To detect the protein responsible for the caspase-1–like activity, we developed a biotinylated inhibitor blot analysis with an irreversible caspase-1 inhibitor, biotin-YVAD-fmk (Figure 8B). In this analysis, an enzyme that conjugates with the inhibitor becomes visible on the blot with streptavidin-conjugated horseradish peroxidase. Three major bands of 38, 35, and 30 kD were detected on the blot of the extract from developing wild-type seeds with a torpedo-shaped embryo (Figure 8B, lane 1). We examined the competitive effects of various inhibitors on in vitro formation of the enzyme inhibitor complex with extracts from seeds (Figure 8B, lanes 2 to 6). When 0.2 or 1.0 mM Ac-YVAD-CHO was added as a competitor with biotin-YVAD-fmk, the 38-kD band completely disappeared on the blot, but the 35- and 30-kD bands did not disappear (Figure 8B, lanes 5 and 6). This result indicates that the protein that has caspase-1–like activity is a 38-kD protein and that the other two bands are nonspecific. The 38-kD band is consistent with the molecular mass of δVPE (Figure 8C). This suggests that the caspase-1–like activity is due to δVPE. To examine this possibility, an extract from wild-type or δvpe-1 developing seeds with a torpedo-shaped embryo was subjected to a biotinylated inhibitor blot analysis (Figure 8D) and an immunoblot analysis (Figure 8E). In the biotinylated inhibitor blot analysis, as in the immunoblot analysis, a 38-kD band was detected in the extract from wild-type seeds, but not in the extract from δvpe-1 seeds. These results indicate that the 38-kD protein is δVPE and that δVPE is an authentic proteinase exhibiting caspase-1–like activity that appears in association with the cell death of the inner integument.

DISCUSSION

δVPE Is Involved in Cell Death during Seed Coat Formation

The Arabidopsis seed coat just after fertilization consists of an outer integument made up of two cell layers and an inner integument made up of three layers. After desiccation of the matured seeds, the seed coat consists of one-cell-layered outer integument and one-cell-layered inner integument (ii1). The ii1 layer accumulates pigments (Devic et al., 1999). The elimination of the cell layers (ii2 and ii3) of the inner integument starts at the heart-shaped-embryo stage in Arabidopsis (Figure 4) as reported in Brassica napus (Wan et al., 2002). Cell shrinkage and vacuolar disruption occur in these layers at the early stage of seed development (Figure 6). DNA fragmentation, a typical feature of animal apoptosis, was detected in the inner integument of B. napus at an early stage of seed development with DAPI stain and a terminal deoxynucleotidyltransferase-mediated dUTP-biotin nick end labeling assay (Wan et al., 2002). We found that degradation of the nuclei of the ii2 and ii3 cell layers of developing Arabidopsis wild-type seeds occurred during an early seed development (Figure 5). These results show that the cell death to eliminate the inner integument cell layers is programmed during seed development. Our findings clearly show that δVPE is specifically and transiently expressed in the cell layers of the inner integument that are eliminated (Figure 2) and that δVPE deficiency delays the targeted cell death and nuclear degradation in the ii2 and ii3 cell layers of the inner integument (Figures 4 to 656). We obtained two δvpe mutants, δvpe-1 and δvpe-4, neither of which expressed the δVPE protein in developing seeds (Figure 1C). Both mutants exhibited the identical phenotype of disintegration of the ii2 and ii3 cell layers. Therefore, δVPE is a key player in the developmental cell death of the outer two cell layers, which occurs during seed coat formation.

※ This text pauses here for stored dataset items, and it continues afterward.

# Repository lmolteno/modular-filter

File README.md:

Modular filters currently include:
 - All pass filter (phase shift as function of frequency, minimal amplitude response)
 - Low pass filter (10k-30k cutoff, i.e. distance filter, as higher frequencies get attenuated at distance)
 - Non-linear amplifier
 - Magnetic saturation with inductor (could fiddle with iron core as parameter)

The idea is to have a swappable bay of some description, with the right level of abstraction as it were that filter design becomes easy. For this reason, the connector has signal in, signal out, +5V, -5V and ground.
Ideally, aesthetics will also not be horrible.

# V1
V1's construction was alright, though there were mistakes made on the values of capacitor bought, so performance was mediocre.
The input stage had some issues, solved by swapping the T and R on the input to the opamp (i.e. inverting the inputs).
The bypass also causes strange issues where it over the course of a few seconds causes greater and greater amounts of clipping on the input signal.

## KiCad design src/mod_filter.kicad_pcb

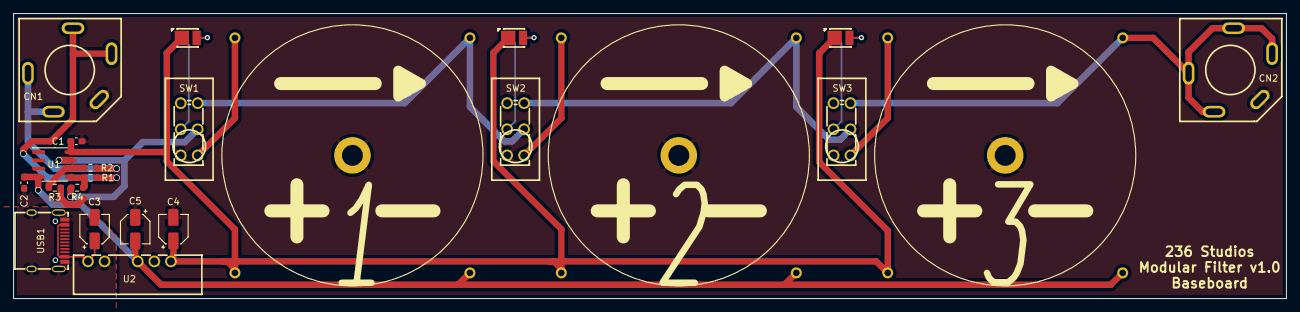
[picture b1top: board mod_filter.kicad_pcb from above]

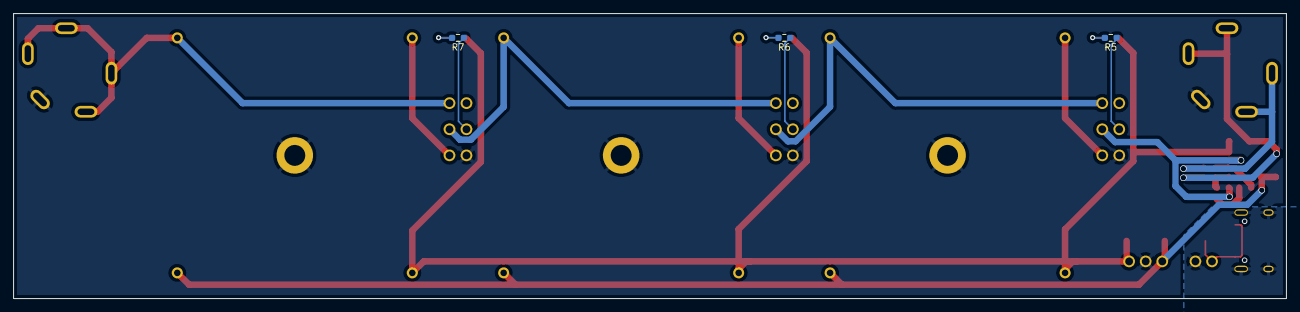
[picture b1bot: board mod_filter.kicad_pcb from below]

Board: 2 copper layers, 195.0 x 43.7 mm, 26 parts (3 on the bottom side), 22 nets.

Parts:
C1, C2: 0.1u; C_0603_1608Metric_Pad1.08x0.95mm_HandSolder
C3, C4, C5: 4.7u; CP_Elec_4x5.4
CN1: INPUT; AUDIO-TH_CK6.35-3-14-18LF
CN2: OUTPUT; AUDIO-TH_CK6.35-3-14-18LF
F1, F2, F3: Molteno_Filter
LED1, LED2, LED3: RED; LED-SMD_L3.5-W2.8-R-FD_TJ-S2835UG5W8TLC2R-A5
R1, R2, R3, R4: 1K; R_0603_1608Metric_Pad0.98x0.95mm_HandSolder
R5, R6, R7: 220; R_0603_1608Metric_Pad0.98x0.95mm_HandSolder
SW1, SW2, SW3: BYPASS; SW-TH_SS-22F24AT10
U1: TL062; SOIC-8_3.9x4.9mm_P1.27mm
U2: A0505S-1WR3; PWRM-TH_A05XXS-1WR3
USB1: TYPEC-304-BCP16; USB-C-SMD_TYPEC-304-BCP16

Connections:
5V_GND: C3.2, U2.2 (GND), USB1.13 (GND), USB1.14 (GND), USB1.15 (GND), USB1.16 (GND), USB1.A1B12 (GND), USB1.B1A12 (GND)
5V_IN: C3.1, U2.1 (VIN), USB1.A4B9 (VBUS), USB1.B4A9 (VBUS)
+5V: C1.1, C4.1, F1.3 (V+), F2.3 (V+), F3.3 (V+), LED1.2 (+), LED2.2 (+), LED3.2 (+), U1.8 (V+), U2.6 (+VO)
-5V: C2.1, C5.2, F1.4 (V-), F2.4 (V-), F3.4 (V-), U1.4 (V-), U2.4 (-VO)
/1->2: F1.2 (OUT), SW1.6, SW2.5
/2->3: F2.2 (OUT), SW2.6, SW3.5
/IN_R: CN1.2, CN1.4, R2.1
/IN_T: CN1.3, CN1.5, R1.1
GND: C1.2, C2.2, C4.2, C5.1, CN1.1, CN2.1, F1.5 (GND), F2.5 (GND), F3.5 (GND), R3.1, SW1.1, SW2.1, SW3.1, U2.5 (0V)
IN: R4.2, SW1.5, U1.7
unnamed: F1.1 (IN), SW1.4
unnamed: F2.1 (IN), SW2.4
unnamed: F3.1 (IN), SW3.4
unnamed: LED1.1 (-), R5.2
unnamed: LED2.1 (-), R6.2
unnamed: LED3.1 (-), R7.2
unnamed: R1.2, R4.1, U1.5 (+)
unnamed: R2.2, R3.2, U1.6 (-)
unnamed: R5.1, SW1.2
unnamed: R6.1, SW2.2
unnamed: R7.1, SW3.2
TS_OUT: CN2.2, CN2.3, CN2.4, CN2.5, F3.2 (OUT), SW3.6

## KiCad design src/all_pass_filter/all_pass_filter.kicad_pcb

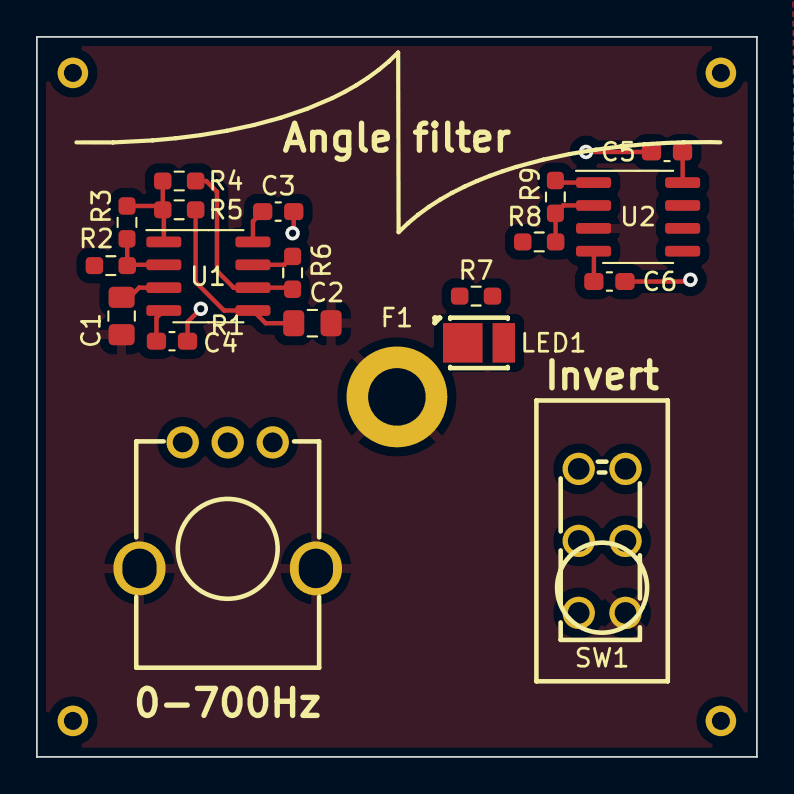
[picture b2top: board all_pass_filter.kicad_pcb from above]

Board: 4 copper layers, 40.0 x 40.0 mm, 20 parts (0 on the bottom side), 19 nets.

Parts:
C1, C2: 4.7u; C_0805_2012Metric_Pad1.18x1.45mm_HandSolder
C3, C4, C5, C6: 0.1u; C_0603_1608Metric_Pad1.08x0.95mm_HandSolder
F1: Molteno_Filter; Molteno_Filter_Clean
LED1: INVERT_INDICATOR; LED-SMD_L3.5-W2.8-R-FD_TJ-S2835UG5W8TLC2R-A5
R1: 5k; RES-ADJ-TH_RK09K1130AJ3
R2, R3, R4, R6, R8, R9: 100; R_0603_1608Metric_Pad0.98x0.95mm_HandSolder
R5: 2.2k; R_0603_1608Metric_Pad0.98x0.95mm_HandSolder
R7: 220; R_0603_1608Metric_Pad0.98x0.95mm_HandSolder
SW1: INVERT; SW-TH_SS-22F24AT10
U1, U2: LM833; SOIC-8_3.9x4.9mm_P1.27mm

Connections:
+5V: C3.2, C5.2, F1.3 (V+)
-5V: C4.2, C6.2, F1.4 (V-)
AP_OUT: R6.2, SW1.2, U1.7
GND: C1.2, C2.2, F1.5 (GND), R1.4, R1.5, SW1.4, U2.3 (+)
IN: F1.1 (IN), R1.2, R2.1
INV_IN: R8.1, SW1.1
unnamed: C1.1, R1.3, U1.3 (+)
unnamed: C2.1, R5.2, U1.5 (+)
unnamed: LED1.1 (-), R7.2
unnamed: R2.2, R3.1, U1.2 (-)
unnamed: R3.2, R4.1, R5.1, U1.1
unnamed: R4.2, R6.1, U1.6 (-)
unnamed: R7.1, SW1.5
unnamed: R8.2, R9.1, U2.2 (-)
unnamed: C4.1, U1.4 (V-)
unnamed: C3.1, U1.8 (V+)
unnamed: C6.1, U2.4 (V-)
unnamed: C5.1, U2.8 (V+)
OUT: F1.2 (OUT), R9.2, SW1.3, U2.1
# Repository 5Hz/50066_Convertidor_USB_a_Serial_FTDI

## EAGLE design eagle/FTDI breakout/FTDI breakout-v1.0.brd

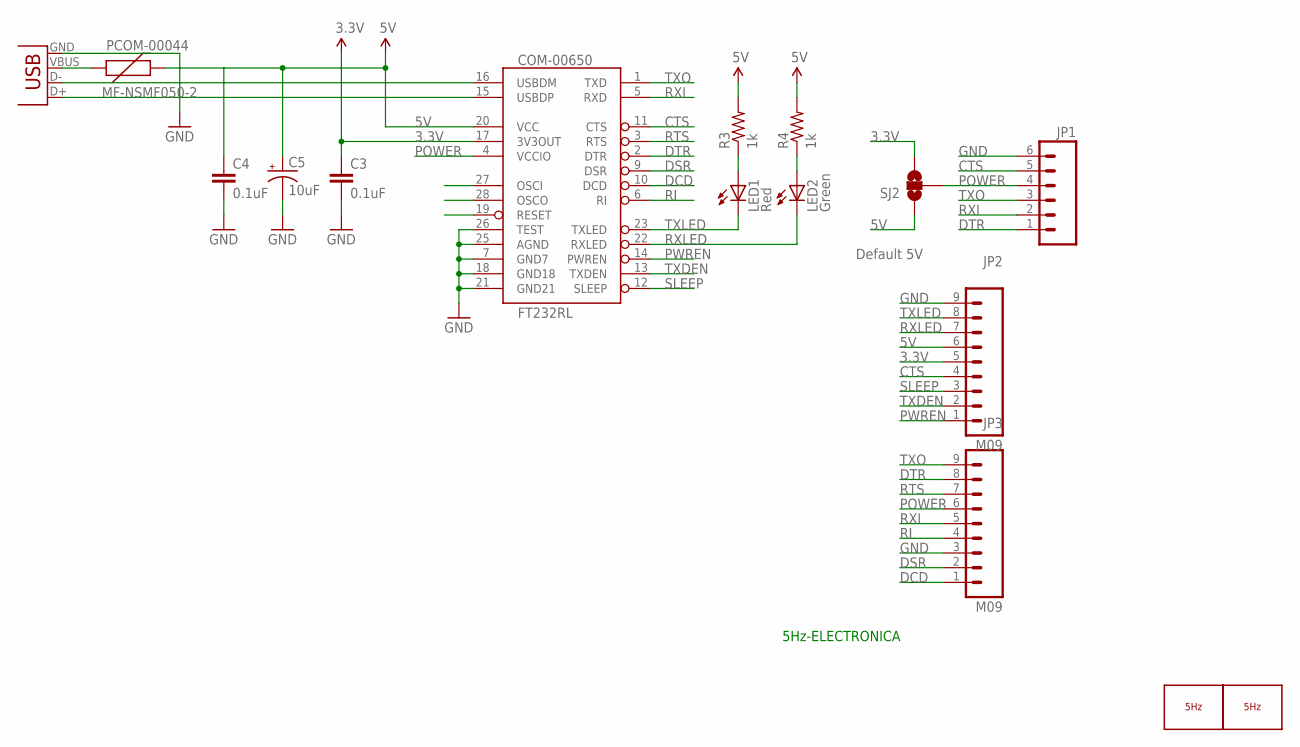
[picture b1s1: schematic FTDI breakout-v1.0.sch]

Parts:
C3, C4: 0.1uF; 0603-CAP
C5: 10uF; EIA3216
COM-00650: FT232RL; SSOP28DB
JP1: M06SIP; 1X06
JP2, JP3: M09; 1X09
LED1: Red; LED-0603
LED2: Green; LED-0603
LOGO1: LOGO_5HZ_H_5MM; 5HZ_LOGO_H_5MM
LOGO2: LOGO_5HZ_H_15MM; 5HZ_LOGO_H_15MM
PCOM-00044: MF-NSMF050-2; PTC-1206
PRT-00587: 897-43-005-00-100001; USB-MINIB
R3, R4: 1k; 0603-RES
SJ2: SOLDERJUMPER_2WAYS; SJ_3

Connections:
3.3V: C3.1, COM-00650.17 (3V3OUT), JP2.5, SJ2.3
5V: C4.1, C5.A (+), COM-00650.20 (VCC), JP2.6, PCOM-00044.2, R3.2, R4.2, SJ2.1
CTS: COM-00650.11 (CTS), JP1.5, JP2.4
DCD: COM-00650.10 (DCD), JP3.1
DSR: COM-00650.9 (DSR), JP3.2
DTR: COM-00650.2 (DTR), JP1.1, JP3.8
GND: C3.2, C4.2, C5.C (-), COM-00650.7 (GND7), COM-00650.18 (GND18), COM-00650.21 (GND21), COM-00650.25 (AGND), COM-00650.26 (TEST), JP1.6, JP2.9, JP3.3, PRT-00587.GND
unnamed: LED1.A, R3.1
unnamed: LED2.A, R4.1
unnamed: PCOM-00044.1, PRT-00587.VBUS
POWER: COM-00650.4 (VCCIO), JP1.4, JP3.6, SJ2.2
PWREN: COM-00650.14 (PWREN), JP2.1
RI: COM-00650.6 (RI), JP3.4
RTS: COM-00650.3 (RTS), JP3.7
RXI: COM-00650.5 (RXD), JP1.2, JP3.5
RXLED: COM-00650.22 (RXLED), JP2.7, LED2.C
SLEEP: COM-00650.12 (SLEEP), JP2.3
TXDEN: COM-00650.13 (TXDEN), JP2.2
TXLED: COM-00650.23 (TXLED), JP2.8, LED1.C
TXO: COM-00650.1 (TXD), JP1.3, JP3.9
USB_D+: COM-00650.15 (USBDP), PRT-00587.D+
USB_D-: COM-00650.16 (USBDM), PRT-00587.D-

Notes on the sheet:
Default 5V
5Hz-ELECTRONICA

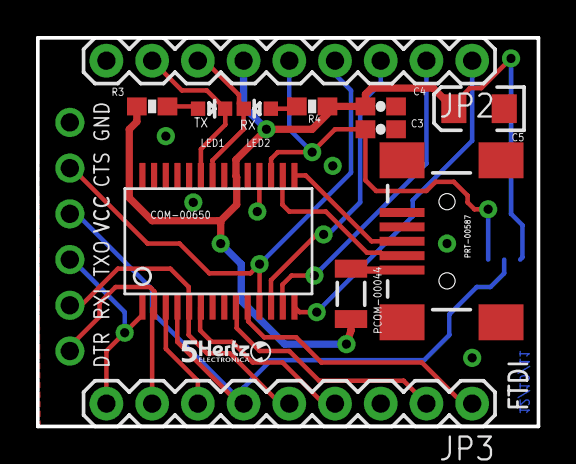
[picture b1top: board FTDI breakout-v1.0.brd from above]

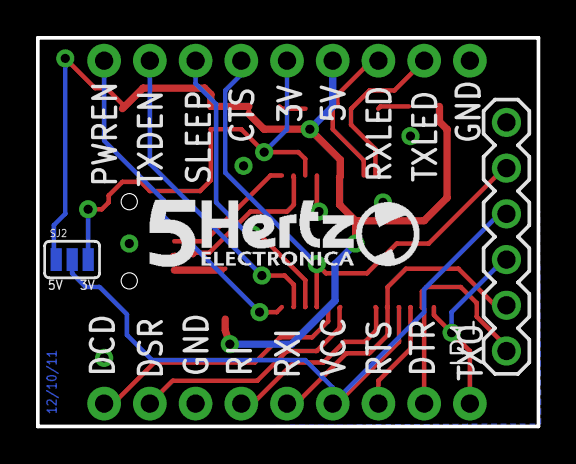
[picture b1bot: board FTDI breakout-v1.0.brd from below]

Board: 2 copper layers, 27.8 x 21.6 mm, 16 parts (3 on the bottom side), 22 nets.

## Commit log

2014-01-13 creación

We observed that the inner integuments of the δvpe single mutant and VPE-null mutant were finally diminished at the full-sized-embryo stage, resulting in formation of thin seed coats in the dry seeds (data not shown). It is possible that the compression of the seed coats at the final stage is caused by necrotic cell death as a result of mechanical pressure by growing embryo and desiccation of seeds, rather than programmed cell death. There is no difference in the physical appearances of the dry seeds between δvpe mutants and the wild type. δVPE deficiency did not affect seed dormancy or germination (data not shown).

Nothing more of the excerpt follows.